In order to use thread CPU utilization patterns to analyze performance problems, the threads running on the CPU complexes 200 are monitored as IO workloads 250 are serviced by the storage array. Specifically, individual threads are monitored to compute per-thread CPU utilization statistics 252 and counts 254 of utilizations of code paths. A code path is a procedure that uses multiple threads in a coordinated way to perform a specific task. For example, a front-end emulation thread receiving an IO command that a data services emulation thread helps to service by locating the associated metadata that maps the logical block addresses of the IO and that a back-end emulation thread then helps to service by fetching the corresponding data from the managed drives is a code path including three distinct worker threads. Other examples of code paths have already been described above. Each code path may be characterized by a set of thread types that work together in a predetermined order to perform a specific task. A given use of a code path does not necessarily involve the same worker threads instances each time the code path is used but does involve instances of the same types of worker threads. A separate counter is created for each code path. The counter for a code path is incremented whenever the associated code path is invoked, e.g., by enqueueing an IO to be inputted to the code path. The counters may be polled periodically and reset after storing the monitored counts 254.

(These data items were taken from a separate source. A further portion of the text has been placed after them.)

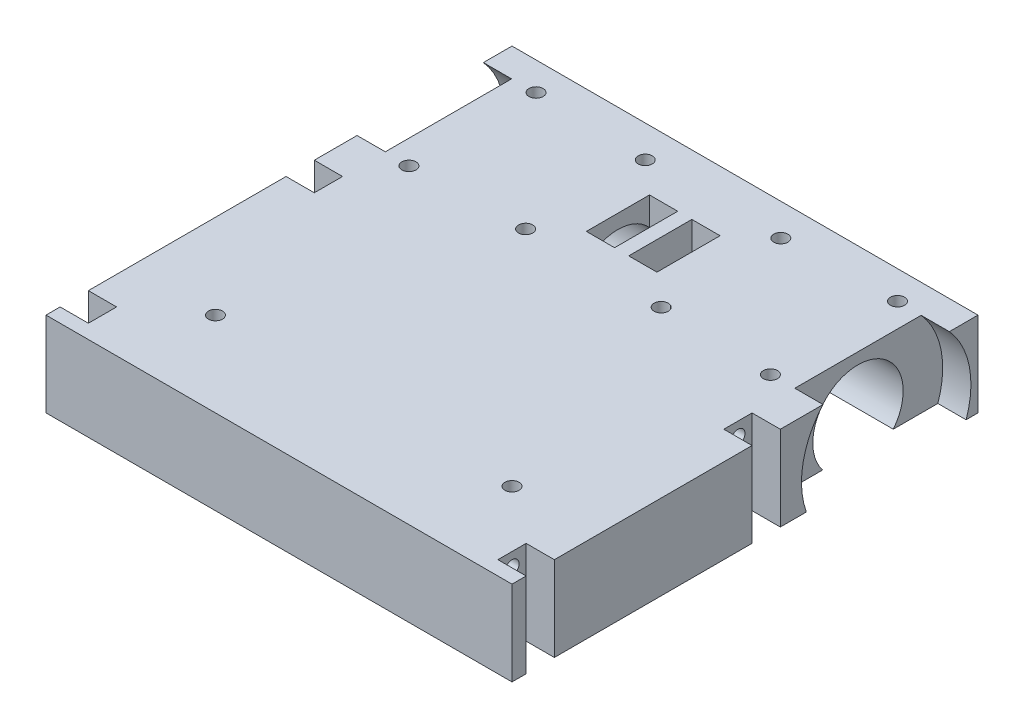
from build123d import *

# Parameters (mm, degrees)
ESQUISSE2_W         = 165
ESQUISSE2_H         = 165
BASE_DEPTH          = 30
ESQUISSE3_R         = 15
BLOC_MOTEUR_1_DEPTH = 80
ESQUISSE4_W         = 10
ESQUISSE4_H         = 22.360679774
ACCES_MOTEUR_DEPTH  = 37
ESQUISSE6_R         = 16.01
BLOC_MOTEUR_2_DEPTH = 37
ESQUISSE7_R         = 2.5
VIS_MOTEUR_DEPTH    = 121.467838032
ESQUISSE8_R         = 2.5
VIS_PATIN_DEPTH     = 121.467838032
ESQUISSE12_R        = 30
ESPACE_ROUE_DEPTH   = 10
ESQUISSE23_W        = 10
ESQUISSE23_H        = 30
VIDE_TIGE_DEPTH     = 10
VIDE_VIS_REACH      = 180.133
ESQUISSE25_R        = 2.5


with BuildPart() as part:
    # Esquisse2 → BASE (new body)
    with BuildSketch(Plane(origin=(0, 0, 0), x_dir=(1, 0, 0), z_dir=(0, 1, 0))):
        Rectangle(ESQUISSE2_W, ESQUISSE2_H)
    extrude(amount=BASE_DEPTH)

    # Esquisse3 → BLOC MOTEUR 1. (cut)
    with BuildSketch(Plane(origin=(82.5, 0, 0), x_dir=(0, 0, -1), z_dir=(1, 0, 0))):
        with Locations((50, 10)):
            Circle(ESQUISSE3_R)
    bloc_moteur_1 = extrude(amount=-BLOC_MOTEUR_1_DEPTH, mode=Mode.SUBTRACT)

    # Esquisse4 → ACCES MOTEUR (cut)
    with BuildSketch(Plane.XZ):
        with Locations((7.5, -50)):
            Rectangle(ESQUISSE4_W, ESQUISSE4_H)
    acces_moteur = extrude(amount=-ACCES_MOTEUR_DEPTH, mode=Mode.SUBTRACT)

    # Esquisse6 → BLOC MOTEUR 2 (cut)
    with BuildSketch(Plane(origin=(82.5, 0, 0), x_dir=(0, 0, -1), z_dir=(1, 0, 0))):
        with Locations((50, 10)):
            Circle(ESQUISSE6_R)
    bloc_moteur_2 = extrude(amount=-BLOC_MOTEUR_2_DEPTH, mode=Mode.SUBTRACT)

    # SYM BLOC MOTEUR: BLOC MOTEUR 1., ACCES MOTEUR, BLOC MOTEUR 2 across plane
    add(bloc_moteur_1.mirror(Plane(origin=(0, 0, 0), x_dir=(0, 0, 1), z_dir=(1, 0, 0))), mode=Mode.SUBTRACT)
    add(acces_moteur.mirror(Plane(origin=(0, 0, 0), x_dir=(0, 0, 1), z_dir=(1, 0, 0))), mode=Mode.SUBTRACT)
    add(bloc_moteur_2.mirror(Plane(origin=(0, 0, 0), x_dir=(0, 0, 1), z_dir=(1, 0, 0))), mode=Mode.SUBTRACT)

    # Esquisse7 → VIS MOTEUR (cut, through all)
    with BuildSketch(Plane.XZ):
        with Locations(Location((-64, -27.497196314, 0), (0, 0, 270))):
            Circle(ESQUISSE7_R)
        with Locations(Location((-24, -28.819660113, 0), (0, 0, 270))):
            Circle(ESQUISSE7_R)
        with Locations(Location((-24, -71.180339887, 0), (0, 0, 270))):
            Circle(ESQUISSE7_R)
        with Locations(Location((-64, -72.502803686, 0), (0, 0, 270))):
            Circle(ESQUISSE7_R)
    vis_moteur = extrude(amount=-VIS_MOTEUR_DEPTH, mode=Mode.SUBTRACT)

    # SYM VIS: VIS MOTEUR across plane
    add(vis_moteur.mirror(Plane(origin=(0, 0, 0), x_dir=(0, 0, 1), z_dir=(1, 0, 0))), mode=Mode.SUBTRACT)

    # Esquisse8 → VIS PATIN (cut, through all)
    with BuildSketch(Plane.XZ):
        with Locations(Location((-52.5, 52.5, 0), (0, 0, 270))):
            Circle(ESQUISSE8_R)
        with Locations(Location((52.5, 52.5, 0), (0, 0, 270))):
            Circle(ESQUISSE8_R)
    extrude(amount=-VIS_PATIN_DEPTH, mode=Mode.SUBTRACT)

    # Esquisse12 → ESPACE ROUE (cut)
    with BuildSketch(Plane.ZY.offset(82.5)):
        with Locations((-50, 10)):
            Circle(ESQUISSE12_R)
    espace_roue = extrude(amount=-ESPACE_ROUE_DEPTH, mode=Mode.SUBTRACT)

    # SYM ESPACE ROUE: ESPACE ROUE across plane
    add(espace_roue.mirror(Plane(origin=(0, 0, 0), x_dir=(0, 0, 1), z_dir=(1, 0, 0))), mode=Mode.SUBTRACT)

    # Esquisse23 → VIDE TIGE (cut)
    with BuildSketch(Plane(origin=(82.5, 0, 0), x_dir=(0, 0, -1), z_dir=(1, 0, 0))):
        with Locations((-72.5, 15)):
            Rectangle(ESQUISSE23_W, ESQUISSE23_H)
        with Locations((7.5, 15)):
            Rectangle(ESQUISSE23_W, ESQUISSE23_H)
    vide_tige = extrude(amount=-VIDE_TIGE_DEPTH, mode=Mode.SUBTRACT)

    # SYM TIGE: VIDE TIGE across plane
    add(vide_tige.mirror(Plane(origin=(0, 0, 0), x_dir=(0, 0, 1), z_dir=(1, 0, 0))), mode=Mode.SUBTRACT)

    # Esquisse25 → VIDE VIS (cut, up to next)
    with BuildSketch(Plane(origin=(72.5, 0, 0), x_dir=(0, 0, -1), z_dir=(1, 0, 0)), mode=Mode.PRIVATE) as vide_vis_sk1:
        with Locations((-72.5, 25)):
            Circle(ESQUISSE25_R)
    vide_vis_tool1 = extrude(vide_vis_sk1.sketch, amount=-VIDE_VIS_REACH, mode=Mode.PRIVATE) & part.part
    # Esquisse25 → VIDE VIS (cut, up to next)
    with BuildSketch(Plane(origin=(72.5, 0, 0), x_dir=(0, 0, -1), z_dir=(1, 0, 0)), mode=Mode.PRIVATE) as vide_vis_sk2:
        with Locations((-72.5, 15)):
            Circle(ESQUISSE25_R)
    vide_vis_tool2 = extrude(vide_vis_sk2.sketch, amount=-VIDE_VIS_REACH, mode=Mode.PRIVATE) & part.part
    # Esquisse25 → VIDE VIS (cut, up to next)
    with BuildSketch(Plane(origin=(72.5, 0, 0), x_dir=(0, 0, -1), z_dir=(1, 0, 0)), mode=Mode.PRIVATE) as vide_vis_sk3:
        with Locations((-72.5, 5)):
            Circle(ESQUISSE25_R)
    vide_vis_tool3 = extrude(vide_vis_sk3.sketch, amount=-VIDE_VIS_REACH, mode=Mode.PRIVATE) & part.part
    # Esquisse25 → VIDE VIS (cut, up to next)
    with BuildSketch(Plane(origin=(72.5, 0, 0), x_dir=(0, 0, -1), z_dir=(1, 0, 0)), mode=Mode.PRIVATE) as vide_vis_sk4:
        with Locations(Location((7.5, 5, 0), (0, 0, 180))):
            Circle(ESQUISSE25_R)
    vide_vis_tool4 = extrude(vide_vis_sk4.sketch, amount=-VIDE_VIS_REACH, mode=Mode.PRIVATE) & part.part
    # Esquisse25 → VIDE VIS (cut, up to next)
    with BuildSketch(Plane(origin=(72.5, 0, 0), x_dir=(0, 0, -1), z_dir=(1, 0, 0)), mode=Mode.PRIVATE) as vide_vis_sk5:
        with Locations(Location((7.5, 25, 0), (0, 0, 180))):
            Circle(ESQUISSE25_R)
    vide_vis_tool5 = extrude(vide_vis_sk5.sketch, amount=-VIDE_VIS_REACH, mode=Mode.PRIVATE) & part.part
    # Esquisse25 → VIDE VIS (cut, up to next)
    with BuildSketch(Plane(origin=(72.5, 0, 0), x_dir=(0, 0, -1), z_dir=(1, 0, 0)), mode=Mode.PRIVATE) as vide_vis_sk6:
        with Locations(Location((7.5, 15, 0), (0, 0, 180))):
            Circle(ESQUISSE25_R)
    vide_vis_tool6 = extrude(vide_vis_sk6.sketch, amount=-VIDE_VIS_REACH, mode=Mode.PRIVATE) & part.part
    add(vide_vis_tool1.solids().sort_by_distance((72.5, 25, 72.5))[0], mode=Mode.SUBTRACT)
    add(vide_vis_tool2.solids().sort_by_distance((72.5, 15, 72.5))[0], mode=Mode.SUBTRACT)
    add(vide_vis_tool3.solids().sort_by_distance((72.5, 5, 72.5))[0], mode=Mode.SUBTRACT)
    add(vide_vis_tool4.solids().sort_by_distance((72.5, 5, -7.5))[0], mode=Mode.SUBTRACT)
    add(vide_vis_tool5.solids().sort_by_distance((72.5, 25, -7.5))[0], mode=Mode.SUBTRACT)
    add(vide_vis_tool6.solids().sort_by_distance((72.5, 15, -7.5))[0], mode=Mode.SUBTRACT)


solid = part.part
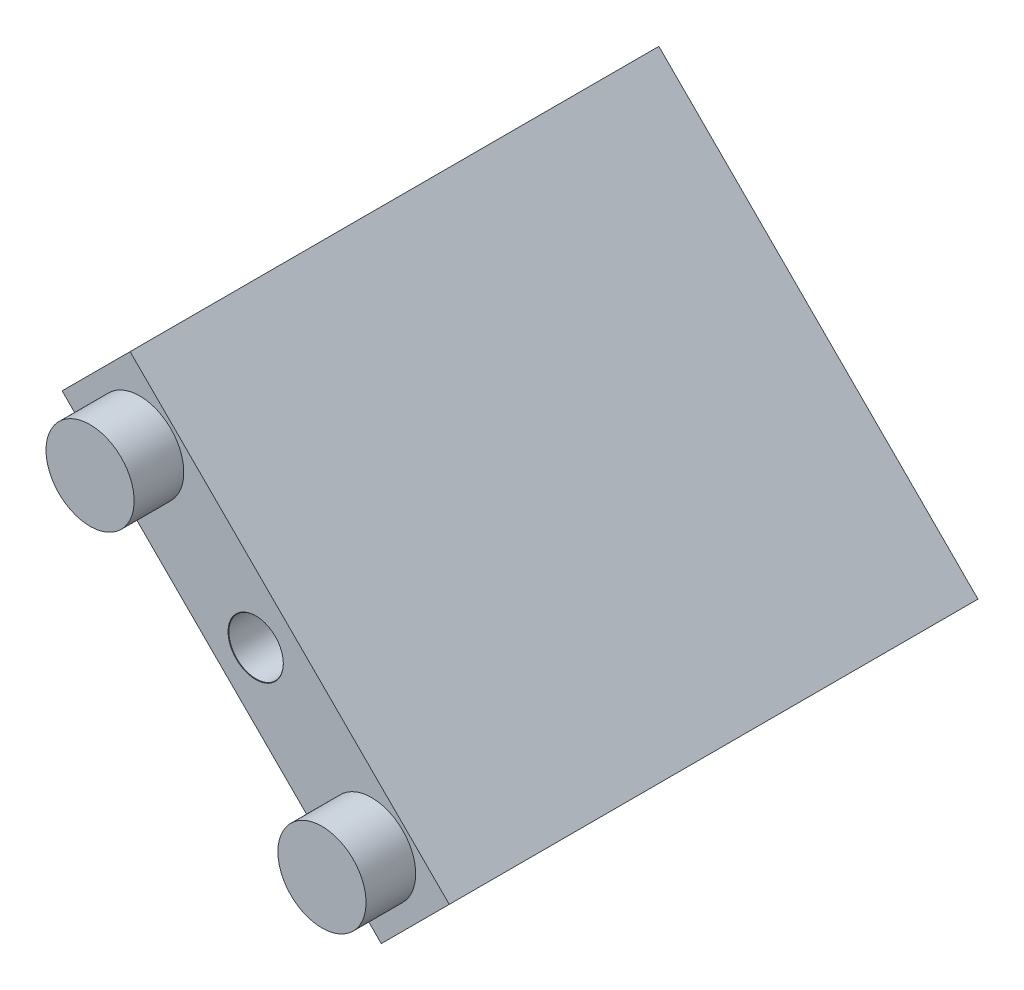
from build123d import *

# Parameters (mm, degrees)
BOSS_EXTRUDE1_DEPTH            = 33
SKETCH2_R                      = 2.75
BOSS_EXTRUDE2_DEPTH            = 3.1
M3_CLEARANCE_HOLE1_D           = 3.4
M3_CLEARANCE_HOLE1_DEPTH       = 3
M3_CLEARANCE_HOLE1_CSINK_D     = 3.45
M3_CLEARANCE_HOLE1_CSINK_ANGLE = 90
M3_CLEARANCE_HOLE1_TIP         = 1.021463052


with BuildPart() as part:
    # Sketch1 → Boss-Extrude1 (new body)
    with BuildSketch(Plane.XY):
        Polygon((17.123869681, -2.982979073), (21.366510368, 1.259661614), (1.447312342, 21.17885964), (-2.795328345, 16.936218953), align=None)
    extrude(amount=BOSS_EXTRUDE1_DEPTH)

    # Sketch2 → Boss-Extrude2 (add)
    with BuildSketch(Plane.XY.offset(33)):
        with Locations(Location((2.048353106, 16.335178189, 0), (0, 0, 180))):
            Circle(SKETCH2_R)
        with Locations(Location((16.522828917, 1.860702378, 0), (0, 0, 180))):
            Circle(SKETCH2_R)
    extrude(amount=BOSS_EXTRUDE2_DEPTH)

    # M3 Clearance Hole1
    with Locations(Plane.XY.offset(33)):
        with Locations((9.285591012, 9.097940284)):
            CounterSinkHole(M3_CLEARANCE_HOLE1_D / 2, M3_CLEARANCE_HOLE1_CSINK_D / 2, depth=M3_CLEARANCE_HOLE1_DEPTH, counter_sink_angle=M3_CLEARANCE_HOLE1_CSINK_ANGLE)
            with Locations((0, 0, -(M3_CLEARANCE_HOLE1_DEPTH + M3_CLEARANCE_HOLE1_TIP / 2))):  # 118° drill point
                Cone(0, M3_CLEARANCE_HOLE1_D / 2, M3_CLEARANCE_HOLE1_TIP, mode=Mode.SUBTRACT)


solid = part.part
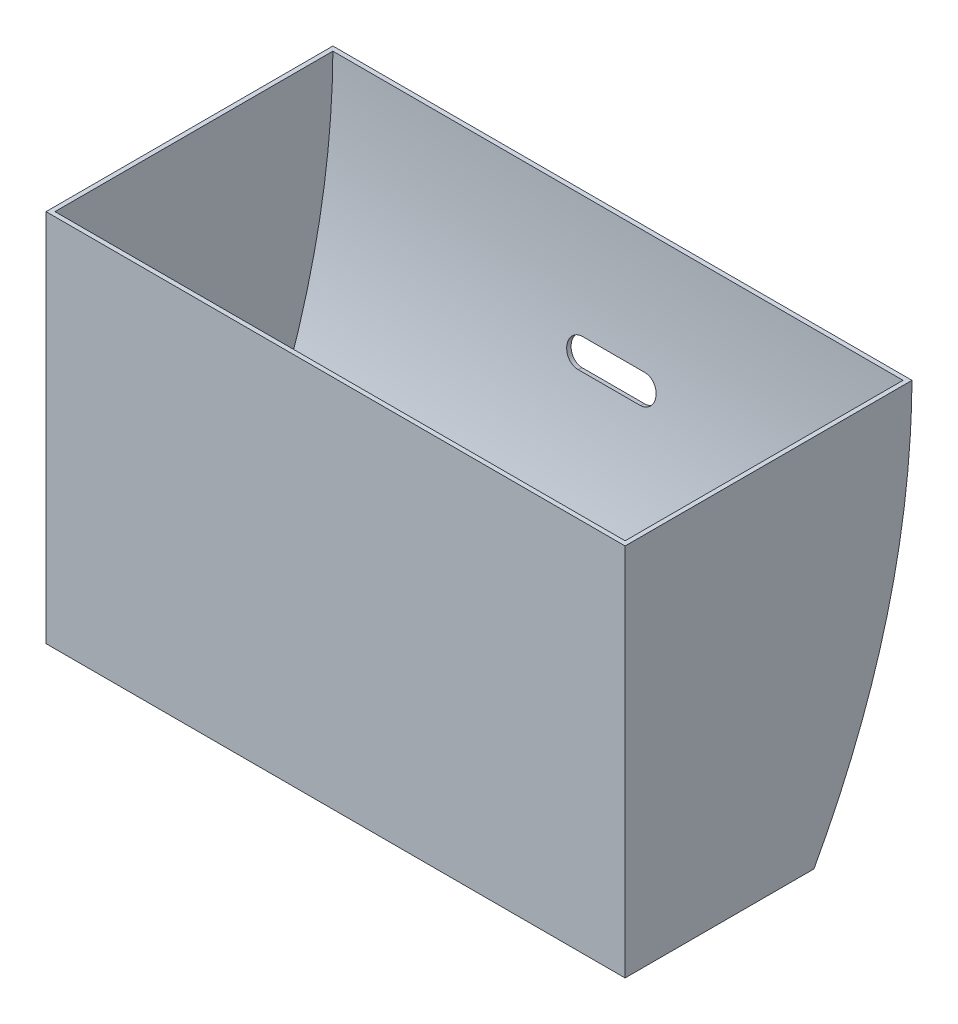
from build123d import *

# Parameters (mm, degrees)
SKETCH1_W            = 65
SKETCH1_H            = 21.2
BOSS_EXTRUDE1_DEPTH  = 42
BOSS_EXTRUDE2_DEPTH  = 65
SHELL3_T             = -0.5
SKETCH3_R            = 0.93
CUT_EXTRUDE1_DEPTH   = 1
LPATTERN1_COUNT      = 13
LPATTERN1_PITCH      = 5
LPATTERN1_COUNT_DIR2 = 5
LPATTERN1_PITCH_DIR2 = 3.275
SKETCH5_R            = 0.93
CUT_EXTRUDE2_DEPTH   = 1
LPATTERN2_COUNT      = 12
LPATTERN2_PITCH      = 5
LPATTERN2_COUNT_DIR2 = 4
LPATTERN2_PITCH_DIR2 = 3.275
CUT_EXTRUDE4_REACH   = 81.498


with BuildPart() as part:
    # Sketch1 → Boss-Extrude1 (new body)
    with BuildSketch(Plane(origin=(0, 0, 0), x_dir=(1, 0, 0), z_dir=(0, 1, 0))):
        with Locations((32.5, 10.6)):
            Rectangle(SKETCH1_W, SKETCH1_H)
    extrude(amount=BOSS_EXTRUDE1_DEPTH)

    # Sketch2 → Boss-Extrude2 (add)
    with BuildSketch(Plane(origin=(65, 0, 0), x_dir=(0, 0, -1), z_dir=(1, 0, 0))):
        with BuildLine():
            Line((21.2, 0), (21.2, 29.2))
            Line((21.2, 29.2), (21.2, 42))
            Line((21.2, 42), (32.2, 42))
            add(Edge.make_bspline(
                [(21.2, 0), (32.077877164, 19.887678502), (32.2, 42)],
                knots=[0, 0, 0, 1, 1, 1], degree=2))
        make_face()
    extrude(amount=-BOSS_EXTRUDE2_DEPTH)

    # Shell3
    shell3_openings = [part.faces().sort_by_distance(p)[0] for p in [
        (32.5, 42, -16.1),
    ]]
    offset(amount=SHELL3_T, openings=shell3_openings, kind=Kind.INTERSECTION)

    # Sketch3 → Cut-Extrude1 (cut)
    with BuildSketch(Plane.XZ):
        with Locations(Location((63, -4.05, 0), (0, 0, 270))):
            Circle(SKETCH3_R)
    cut_extrude1 = extrude(amount=-CUT_EXTRUDE1_DEPTH, mode=Mode.SUBTRACT)

    # LPattern1: Cut-Extrude1 13 × 5
    with Locations(*[(-i * LPATTERN1_PITCH, 0, -j * LPATTERN1_PITCH_DIR2) for i in range(LPATTERN1_COUNT) for j in range(LPATTERN1_COUNT_DIR2) if (i, j) != (0, 0)]):
        add(cut_extrude1, mode=Mode.SUBTRACT)

    # Sketch5 → Cut-Extrude2 (cut)
    with BuildSketch(Plane.XZ):
        with Locations(Location((60.5, -5.6875, 0), (0, 0, 270))):
            Circle(SKETCH5_R)
    cut_extrude2 = extrude(amount=-CUT_EXTRUDE2_DEPTH, mode=Mode.SUBTRACT)

    # LPattern2: Cut-Extrude2 12 × 4
    with Locations(*[(-i * LPATTERN2_PITCH, 0, -j * LPATTERN2_PITCH_DIR2) for i in range(LPATTERN2_COUNT) for j in range(LPATTERN2_COUNT_DIR2) if (i, j) != (0, 0)]):
        add(cut_extrude2, mode=Mode.SUBTRACT)

    # Sketch7 → Cut-Extrude4 (cut, up to next)
    with BuildSketch(Plane(origin=(5, -3.419763894, -25.632099392), x_dir=(1, 0, 0), z_dir=(0, 0.16865835409663912, 0.9856745708363449)), mode=Mode.PRIVATE) as cut_extrude4_sk1:
        with BuildLine():
            Line((24.5, 33.072047017), (31.5, 33.072047017))
            ThreePointArc((31.5, 33.072047017), (33, 31.572047017), (31.5, 30.072047017))
            Line((31.5, 30.072047017), (24.5, 30.072047017))
            ThreePointArc((24.5, 30.072047017), (23, 31.572047017), (24.5, 33.072047017))
        make_face()
    cut_extrude4_tool1 = extrude(cut_extrude4_sk1.sketch, amount=CUT_EXTRUDE4_REACH, mode=Mode.PRIVATE) & part.part
    add(cut_extrude4_tool1.solids().sort_by_distance((33, 27.7, -30.956989))[0], mode=Mode.SUBTRACT)


solid = part.part

Specific examples have been presented to provide context and convey inventive concepts. The specific examples are not to be considered as limiting. A wide variety of modifications may be made without departing from the scope of the inventive concepts described herein. Moreover, the features, aspects, and implementations described herein may be combined in any technically possible way. Accordingly, modifications and combinations are within the scope of the following claims.